Droit de la responsabilité civile

Responsabilité du fait de la défectuosité du produit : conditions d’exonération du producteur

Le producteur d’électricité est responsable du dommage causé en raison de la défectuosité du produit, sans pouvoir se prévaloir de la faute de la victime qui bien qu’ayant aggravé le dommage, n’a contribué en rien à sa survenance.

Civ. 1re, 2 juin 2021, n° 19-19.349

Un incendie avait détruit la maison habitée par un couple. Après avoir obtenu en référé la désignation d’un expert judiciaire pour en déterminer les causes, ils avaient assigné en responsabilité et indemnisation leur fournisseur d’électricité, lequel fut déclaré en cause d’appel responsable de ce sinistre sur le fondement de la responsabilité du fait des produits défectueux à hauteur de 60%. 
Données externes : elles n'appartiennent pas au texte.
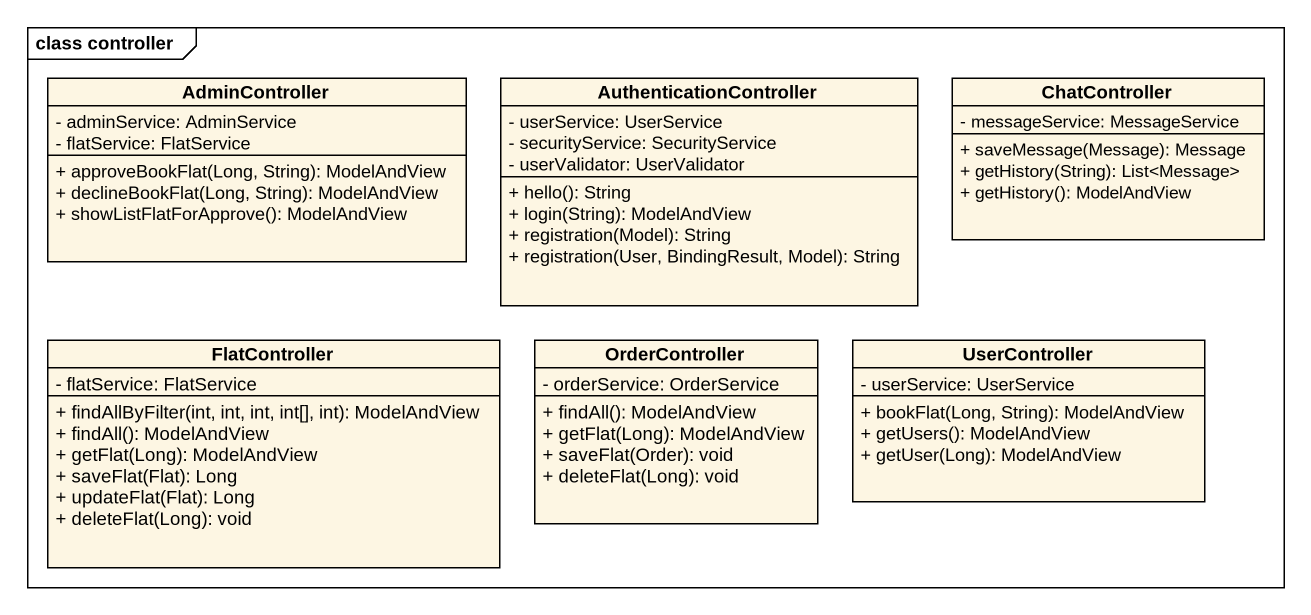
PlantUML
@startuml
mainframe class controller
hide circle
hide empty members
skinparam classAttributeIconSize 0
class AdminController {
  - adminService: AdminService
  - flatService: FlatService
  + approveBookFlat(Long, String): ModelAndView
  + declineBookFlat(Long, String): ModelAndView
  + showListFlatForApprove(): ModelAndView
}
class AuthenticationController {
  - userService: UserService
  - securityService: SecurityService
  - userValidator: UserValidator
  + hello(): String
  + login(String): ModelAndView
  + registration(Model): String
  + registration(User, BindingResult, Model): String
}
class ChatController {
  - messageService: MessageService
  + saveMessage(Message): Message
  + getHistory(String): List<Message>
  + getHistory(): ModelAndView
}
class FlatController {
  - flatService: FlatService
  + findAllByFilter(int, int, int, int[], int): ModelAndView
  + findAll(): ModelAndView
  + getFlat(Long): ModelAndView
  + saveFlat(Flat): Long
  + updateFlat(Flat): Long
  + deleteFlat(Long): void
}
class OrderController {
  - orderService: OrderService
  + findAll(): ModelAndView
  + getFlat(Long): ModelAndView
  + saveFlat(Order): void
  + deleteFlat(Long): void
}
class UserController {
  - userService: UserService
  + bookFlat(Long, String): ModelAndView
  + getUsers(): ModelAndView
  + getUser(Long): ModelAndView
}
@enduml
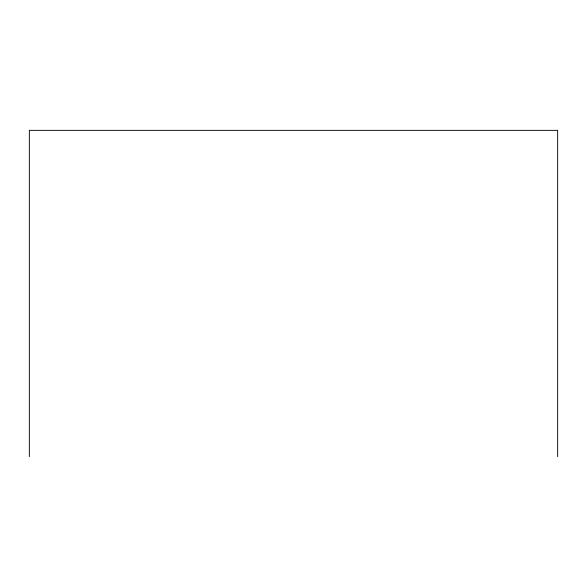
<?xml version="1.0" encoding="UTF-8"?>
<svg xmlns="http://www.w3.org/2000/svg" width="587" height="587" viewBox="0 0 587 587"><rect width="100%" height="100%" fill="white"/><g stroke="black" fill="none" stroke-linecap="round" stroke-linejoin="round"><path stroke-width="0.88" d="M557.65 456.642L557.65 130.358L29.35 130.358L29.35 456.642"/></g></svg>
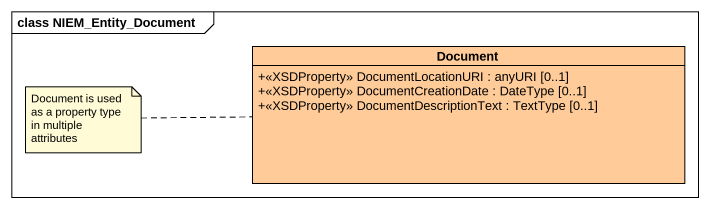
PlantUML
@startuml
mainframe class NIEM_Entity_Document
hide circle
hide empty members
skinparam classAttributeIconSize 0
class Document #FFCC99 {
  +<<XSDProperty>> DocumentLocationURI : anyURI [0..1]
  +<<XSDProperty>> DocumentCreationDate : DateType [0..1]
  +<<XSDProperty>> DocumentDescriptionText : TextType [0..1]
}
note left of Document : Document is used as a property type in multiple attributes
@enduml

Devant la Cour de cassation, les victimes faisaient grief à la cour d’appel, après avoir pourtant déclaré le fournisseur d’énergie responsable de l’incendie, de dire qu’en raison de la faute qu’eux aussi avaient commise, la responsabilité du fournisseur devait être réduite à proportion de celle-ci alors que, selon les demandeurs au pourvoi, « une circonstance ayant pu aggraver un dommage à la faveur d’un incendie n’en constitue pas pour autant la cause, seul l’événement ayant déclenché l’incendie étant à l’origine première et déterminante des entiers dommages »; qu’en décidant de réduire leur indemnisation au motif que leur propre faute avait eu une incidence sur l’aggravation du sinistre sans établir qu’elle en avait été, en amont, à l’origine, la cour d’appel aurait violé l’article 1386-13 ancien du code civil, devenu l'article 1245-12

Au visa de ce texte, selon lequel la responsabilité du producteur peut être réduite ou supprimée, compte tenu de toutes les circonstances, lorsque le dommage a été causé conjointement par un défaut du produit et par la faute de la victime, la Cour de cassation casse la décision des juges du fond qui, pour limiter la responsabilité du défendeur à hauteur de 60% du dommage après avoir pourtant retenu que l'incendie était né d’une surtension du réseau électrique imputable à celui-ci, ont relevé que les demandeurs avaient également commis une faute en procédant à l’installation sur leur réseau privatif d’un « réenclencheur », dangereux et non conforme à la réglementation en vigueur, dont la présence avait été un facteur « aggravant » du sinistre. En statuant ainsi, alors qu’il résultait de ses constatations que la faute imputée aux victimes n’avait pas causé le dommage et l’avait seulement aggravé, la cour d’appel a violé le texte susvisé

Cette décision présente l’intérêt de rappeler qu’outre les causes spéciales d’exonération ou de limitation de la responsabilité du fabricant d’un produit défectueux dont celle, à l’époque inédite et pour cette raison, très largement commentée, liée au « risque de développement » (défaut d’un produit qui n’a pu être découvert ni évité car l’état des connaissances scientifiques et techniques objectivement accessibles lors de sa mise en circulation ne le permettaient pas, V. C. civ., art. 1245-10, 4°), certaines causes exonératoires, issues du droit commun, ont toutefois été conservées par la loi de 1998 sur les produits défectueux (L. n° 98-389 du 19 mai 1998), à l’occasion de la transposition d’une directive communautaire du 25 juillet 1985, imposant une responsabilité sans faute du producteur de produits privés de la sécurité normalement attendue de leur usage.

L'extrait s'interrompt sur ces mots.